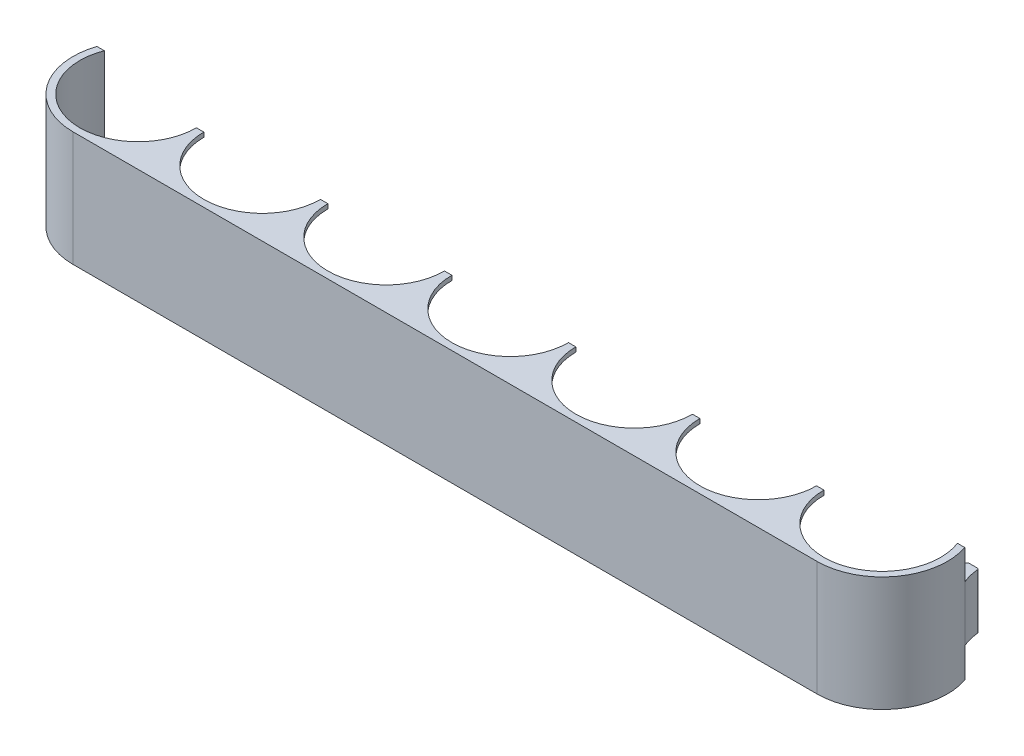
ISO-10303-21;
HEADER;
FILE_DESCRIPTION(('STEP AP214'),'2;1');
FILE_NAME('part.step','',(''),(''),'','','');
FILE_SCHEMA(('AUTOMOTIVE_DESIGN { 1 0 10303 214 1 1 1 1 }'));
ENDSEC;
DATA;
#1=APPLICATION_CONTEXT('core data for automotive mechanical design processes');
#2=APPLICATION_PROTOCOL_DEFINITION('international standard','automotive_design',2000,#1);
#3=PRODUCT_CONTEXT('',#1,'mechanical');
#4=PRODUCT('Part','Part','',(#3));
#5=PRODUCT_RELATED_PRODUCT_CATEGORY('part','',(#4));
#6=PRODUCT_DEFINITION_FORMATION('','',#4);
#7=PRODUCT_DEFINITION_CONTEXT('part definition',#1,'design');
#8=PRODUCT_DEFINITION('design','',#6,#7);
#9=PRODUCT_DEFINITION_SHAPE('','',#8);
#10=(LENGTH_UNIT() NAMED_UNIT(*) SI_UNIT(.MILLI.,.METRE.));
#11=(NAMED_UNIT(*) PLANE_ANGLE_UNIT() SI_UNIT($,.RADIAN.));
#12=(NAMED_UNIT(*) SI_UNIT($,.STERADIAN.) SOLID_ANGLE_UNIT());
#13=UNCERTAINTY_MEASURE_WITH_UNIT(LENGTH_MEASURE(1.E-05),#10,'distance_accuracy_value','');
#14=(GEOMETRIC_REPRESENTATION_CONTEXT(3) GLOBAL_UNCERTAINTY_ASSIGNED_CONTEXT((#13)) GLOBAL_UNIT_ASSIGNED_CONTEXT((#10,
#11,#12)) REPRESENTATION_CONTEXT('',''));
#15=CARTESIAN_POINT('',(0.,0.,0.));
#16=DIRECTION('',(0.,0.,1.));
#17=DIRECTION('',(1.,0.,0.));
#18=AXIS2_PLACEMENT_3D('',#15,#16,#17);
#19=CARTESIAN_POINT('',(-41.,-8.,12.5));
#20=DIRECTION('',(0.,-0.920411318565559,0.390951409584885));
#21=DIRECTION('',(0.,0.390951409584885,0.920411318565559));
#22=AXIS2_PLACEMENT_3D('',#19,#20,#21);
#23=PLANE('',#22);
#24=DIRECTION('',(-1.,0.,0.));
#25=VECTOR('',#24,1.);
#26=CARTESIAN_POINT('',(-41.,-11.5,4.26));
#27=LINE('',#26,#25);
#28=CARTESIAN_POINT('',(-41.,-11.5,4.26));
#29=VERTEX_POINT('',#28);
#30=CARTESIAN_POINT('',(-40.,-11.5,4.26));
#31=VERTEX_POINT('',#30);
#32=EDGE_CURVE('E588',#29,#31,#27,.F.);
#33=ORIENTED_EDGE('',*,*,#32,.F.);
#34=DIRECTION('',(0.,0.390951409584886,0.920411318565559));
#35=VECTOR('',#34,1.);
#36=CARTESIAN_POINT('',(-41.,-11.5,4.26));
#37=LINE('',#36,#35);
#38=CARTESIAN_POINT('',(-41.,-8.,12.5));
#39=VERTEX_POINT('',#38);
#40=EDGE_CURVE('E504',#29,#39,#37,.T.);
#41=ORIENTED_EDGE('',*,*,#40,.T.);
#42=DIRECTION('',(1.,0.,0.));
#43=VECTOR('',#42,1.);
#44=CARTESIAN_POINT('',(-41.,-8.,12.5));
#45=LINE('',#44,#43);
#46=CARTESIAN_POINT('',(-40.,-8.,12.5));
#47=VERTEX_POINT('',#46);
#48=EDGE_CURVE('E495',#39,#47,#45,.T.);
#49=ORIENTED_EDGE('',*,*,#48,.T.);
#50=DIRECTION('',(0.,0.390951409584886,0.920411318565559));
#51=VECTOR('',#50,1.);
#52=CARTESIAN_POINT('',(-40.,-11.5,4.26));
#53=LINE('',#52,#51);
#54=EDGE_CURVE('E501',#31,#47,#53,.T.);
#55=ORIENTED_EDGE('',*,*,#54,.F.);
#56=EDGE_LOOP('',(#33,#41,#49,#55));
#57=FACE_BOUND('',#56,.T.);
#58=ADVANCED_FACE('F14',(#57),#23,.F.);
#59=CARTESIAN_POINT('',(-41.,-11.5,12.5));
#60=DIRECTION('',(0.,0.,-1.));
#61=DIRECTION('',(1.,0.,0.));
#62=AXIS2_PLACEMENT_3D('',#59,#60,#61);
#63=PLANE('',#62);
#64=ORIENTED_EDGE('',*,*,#48,.F.);
#65=DIRECTION('',(0.,1.,0.));
#66=VECTOR('',#65,1.);
#67=CARTESIAN_POINT('',(-41.,0.,12.5));
#68=LINE('',#67,#66);
#69=CARTESIAN_POINT('',(-41.,-11.5,12.5));
#70=VERTEX_POINT('',#69);
#71=EDGE_CURVE('E1026',#39,#70,#68,.F.);
#72=ORIENTED_EDGE('',*,*,#71,.T.);
#73=DIRECTION('',(1.,0.,0.));
#74=VECTOR('',#73,1.);
#75=CARTESIAN_POINT('',(-41.,-11.5,12.5));
#76=LINE('',#75,#74);
#77=CARTESIAN_POINT('',(-40.,-11.5,12.5));
#78=VERTEX_POINT('',#77);
#79=EDGE_CURVE('E506',#78,#70,#76,.F.);
#80=ORIENTED_EDGE('',*,*,#79,.F.);
#81=DIRECTION('',(0.,1.,0.));
#82=VECTOR('',#81,1.);
#83=CARTESIAN_POINT('',(-40.,0.,12.5));
#84=LINE('',#83,#82);
#85=EDGE_CURVE('E511',#47,#78,#84,.F.);
#86=ORIENTED_EDGE('',*,*,#85,.F.);
#87=EDGE_LOOP('',(#64,#72,#80,#86));
#88=FACE_BOUND('',#87,.T.);
#89=ADVANCED_FACE('F515',(#88),#63,.F.);
#90=CARTESIAN_POINT('',(-14.,-8.,12.5));
#91=DIRECTION('',(0.,-0.920411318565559,0.390951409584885));
#92=DIRECTION('',(0.,0.390951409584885,0.920411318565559));
#93=AXIS2_PLACEMENT_3D('',#90,#91,#92);
#94=PLANE('',#93);
#95=DIRECTION('',(-1.,0.,0.));
#96=VECTOR('',#95,1.);
#97=CARTESIAN_POINT('',(-14.,-11.5,4.26));
#98=LINE('',#97,#96);
#99=CARTESIAN_POINT('',(-14.,-11.5,4.26));
#100=VERTEX_POINT('',#99);
#101=CARTESIAN_POINT('',(-13.,-11.5,4.26));
#102=VERTEX_POINT('',#101);
#103=EDGE_CURVE('E505',#100,#102,#98,.F.);
#104=ORIENTED_EDGE('',*,*,#103,.F.);
#105=DIRECTION('',(0.,0.390951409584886,0.920411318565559));
#106=VECTOR('',#105,1.);
#107=CARTESIAN_POINT('',(-14.,-11.5,4.26));
#108=LINE('',#107,#106);
#109=CARTESIAN_POINT('',(-14.,-8.,12.5));
#110=VERTEX_POINT('',#109);
#111=EDGE_CURVE('E1017',#100,#110,#108,.T.);
#112=ORIENTED_EDGE('',*,*,#111,.T.);
#113=DIRECTION('',(1.,0.,0.));
#114=VECTOR('',#113,1.);
#115=CARTESIAN_POINT('',(-14.,-8.,12.5));
#116=LINE('',#115,#114);
#117=CARTESIAN_POINT('',(-13.,-8.,12.5));
#118=VERTEX_POINT('',#117);
#119=EDGE_CURVE('E582',#110,#118,#116,.T.);
#120=ORIENTED_EDGE('',*,*,#119,.T.);
#121=DIRECTION('',(0.,0.390951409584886,0.920411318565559));
#122=VECTOR('',#121,1.);
#123=CARTESIAN_POINT('',(-13.,-11.5,4.26));
#124=LINE('',#123,#122);
#125=EDGE_CURVE('E1020',#102,#118,#124,.T.);
#126=ORIENTED_EDGE('',*,*,#125,.F.);
#127=EDGE_LOOP('',(#104,#112,#120,#126));
#128=FACE_BOUND('',#127,.T.);
#129=ADVANCED_FACE('F2124',(#128),#94,.F.);
#130=CARTESIAN_POINT('',(-14.,-11.5,12.5));
#131=DIRECTION('',(0.,0.,-1.));
#132=DIRECTION('',(1.,0.,0.));
#133=AXIS2_PLACEMENT_3D('',#130,#131,#132);
#134=PLANE('',#133);
#135=ORIENTED_EDGE('',*,*,#119,.F.);
#136=DIRECTION('',(0.,1.,0.));
#137=VECTOR('',#136,1.);
#138=CARTESIAN_POINT('',(-14.,0.,12.5));
#139=LINE('',#138,#137);
#140=CARTESIAN_POINT('',(-14.,-11.5,12.5));
#141=VERTEX_POINT('',#140);
#142=EDGE_CURVE('E1014',#110,#141,#139,.F.);
#143=ORIENTED_EDGE('',*,*,#142,.T.);
#144=DIRECTION('',(1.,0.,0.));
#145=VECTOR('',#144,1.);
#146=CARTESIAN_POINT('',(-14.,-11.5,12.5));
#147=LINE('',#146,#145);
#148=CARTESIAN_POINT('',(-13.,-11.5,12.5));
#149=VERTEX_POINT('',#148);
#150=EDGE_CURVE('E584',#149,#141,#147,.F.);
#151=ORIENTED_EDGE('',*,*,#150,.F.);
#152=DIRECTION('',(0.,1.,0.));
#153=VECTOR('',#152,1.);
#154=CARTESIAN_POINT('',(-13.,0.,12.5));
#155=LINE('',#154,#153);
#156=EDGE_CURVE('E1023',#118,#149,#155,.F.);
#157=ORIENTED_EDGE('',*,*,#156,.F.);
#158=EDGE_LOOP('',(#135,#143,#151,#157));
#159=FACE_BOUND('',#158,.T.);
#160=ADVANCED_FACE('F2115',(#159),#134,.F.);
#161=CARTESIAN_POINT('',(13.,-8.,12.5));
#162=DIRECTION('',(0.,-0.920411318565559,0.390951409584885));
#163=DIRECTION('',(0.,0.390951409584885,0.920411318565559));
#164=AXIS2_PLACEMENT_3D('',#161,#162,#163);
#165=PLANE('',#164);
#166=DIRECTION('',(-1.,0.,0.));
#167=VECTOR('',#166,1.);
#168=CARTESIAN_POINT('',(13.,-11.5,4.26));
#169=LINE('',#168,#167);
#170=CARTESIAN_POINT('',(13.,-11.5,4.26));
#171=VERTEX_POINT('',#170);
#172=CARTESIAN_POINT('',(14.,-11.5,4.26));
#173=VERTEX_POINT('',#172);
#174=EDGE_CURVE('E580',#171,#173,#169,.F.);
#175=ORIENTED_EDGE('',*,*,#174,.F.);
#176=DIRECTION('',(0.,0.390951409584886,0.920411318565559));
#177=VECTOR('',#176,1.);
#178=CARTESIAN_POINT('',(13.,-11.5,4.26));
#179=LINE('',#178,#177);
#180=CARTESIAN_POINT('',(13.,-8.,12.5));
#181=VERTEX_POINT('',#180);
#182=EDGE_CURVE('E1005',#171,#181,#179,.T.);
#183=ORIENTED_EDGE('',*,*,#182,.T.);
#184=DIRECTION('',(1.,0.,0.));
#185=VECTOR('',#184,1.);
#186=CARTESIAN_POINT('',(13.,-8.,12.5));
#187=LINE('',#186,#185);
#188=CARTESIAN_POINT('',(14.,-8.,12.5));
#189=VERTEX_POINT('',#188);
#190=EDGE_CURVE('E576',#181,#189,#187,.T.);
#191=ORIENTED_EDGE('',*,*,#190,.T.);
#192=DIRECTION('',(0.,0.390951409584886,0.920411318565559));
#193=VECTOR('',#192,1.);
#194=CARTESIAN_POINT('',(14.,-11.5,4.26));
#195=LINE('',#194,#193);
#196=EDGE_CURVE('E1008',#173,#189,#195,.T.);
#197=ORIENTED_EDGE('',*,*,#196,.F.);
#198=EDGE_LOOP('',(#175,#183,#191,#197));
#199=FACE_BOUND('',#198,.T.);
#200=ADVANCED_FACE('F2106',(#199),#165,.F.);
#201=CARTESIAN_POINT('',(13.,-11.5,12.5));
#202=DIRECTION('',(0.,0.,-1.));
#203=DIRECTION('',(1.,0.,0.));
#204=AXIS2_PLACEMENT_3D('',#201,#202,#203);
#205=PLANE('',#204);
#206=ORIENTED_EDGE('',*,*,#190,.F.);
#207=DIRECTION('',(0.,1.,0.));
#208=VECTOR('',#207,1.);
#209=CARTESIAN_POINT('',(13.,0.,12.5));
#210=LINE('',#209,#208);
#211=CARTESIAN_POINT('',(13.,-11.5,12.5));
#212=VERTEX_POINT('',#211);
#213=EDGE_CURVE('E1002',#181,#212,#210,.F.);
#214=ORIENTED_EDGE('',*,*,#213,.T.);
#215=DIRECTION('',(1.,0.,0.));
#216=VECTOR('',#215,1.);
#217=CARTESIAN_POINT('',(13.,-11.5,12.5));
#218=LINE('',#217,#216);
#219=CARTESIAN_POINT('',(14.,-11.5,12.5));
#220=VERTEX_POINT('',#219);
#221=EDGE_CURVE('E578',#220,#212,#218,.F.);
#222=ORIENTED_EDGE('',*,*,#221,.F.);
#223=DIRECTION('',(0.,1.,0.));
#224=VECTOR('',#223,1.);
#225=CARTESIAN_POINT('',(14.,0.,12.5));
#226=LINE('',#225,#224);
#227=EDGE_CURVE('E1011',#189,#220,#226,.F.);
#228=ORIENTED_EDGE('',*,*,#227,.F.);
#229=EDGE_LOOP('',(#206,#214,#222,#228));
#230=FACE_BOUND('',#229,.T.);
#231=ADVANCED_FACE('F2097',(#230),#205,.F.);
#232=CARTESIAN_POINT('',(40.,-8.,12.5));
#233=DIRECTION('',(0.,-0.920411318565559,0.390951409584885));
#234=DIRECTION('',(0.,0.390951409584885,0.920411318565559));
#235=AXIS2_PLACEMENT_3D('',#232,#233,#234);
#236=PLANE('',#235);
#237=DIRECTION('',(-1.,0.,0.));
#238=VECTOR('',#237,1.);
#239=CARTESIAN_POINT('',(40.,-11.5,4.26));
#240=LINE('',#239,#238);
#241=CARTESIAN_POINT('',(40.,-11.5,4.26));
#242=VERTEX_POINT('',#241);
#243=CARTESIAN_POINT('',(41.,-11.5,4.26));
#244=VERTEX_POINT('',#243);
#245=EDGE_CURVE('E574',#242,#244,#240,.F.);
#246=ORIENTED_EDGE('',*,*,#245,.F.);
#247=DIRECTION('',(0.,0.390951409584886,0.920411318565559));
#248=VECTOR('',#247,1.);
#249=CARTESIAN_POINT('',(40.,-11.5,4.26));
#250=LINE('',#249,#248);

--*--

**Your goal**
Taking the entries above, print exactly the lines starting at the line with "#151=ORIENTED_EDGE('',*,*,#150,.F.);" and ending at the line with "#167=VECTOR('',#166,1.);", both included.

**Task solution**
#151=ORIENTED_EDGE('',*,*,#150,.F.);
#152=DIRECTION('',(0.,1.,0.));
#153=VECTOR('',#152,1.);
#154=CARTESIAN_POINT('',(-13.,0.,12.5));
#155=LINE('',#154,#153);
#156=EDGE_CURVE('E1023',#118,#149,#155,.F.);
#157=ORIENTED_EDGE('',*,*,#156,.F.);
#158=EDGE_LOOP('',(#135,#143,#151,#157));
#159=FACE_BOUND('',#158,.T.);
#160=ADVANCED_FACE('F2115',(#159),#134,.F.);
#161=CARTESIAN_POINT('',(13.,-8.,12.5));
#162=DIRECTION('',(0.,-0.920411318565559,0.390951409584885));
#163=DIRECTION('',(0.,0.390951409584885,0.920411318565559));
#164=AXIS2_PLACEMENT_3D('',#161,#162,#163);
#165=PLANE('',#164);
#166=DIRECTION('',(-1.,0.,0.));
#167=VECTOR('',#166,1.);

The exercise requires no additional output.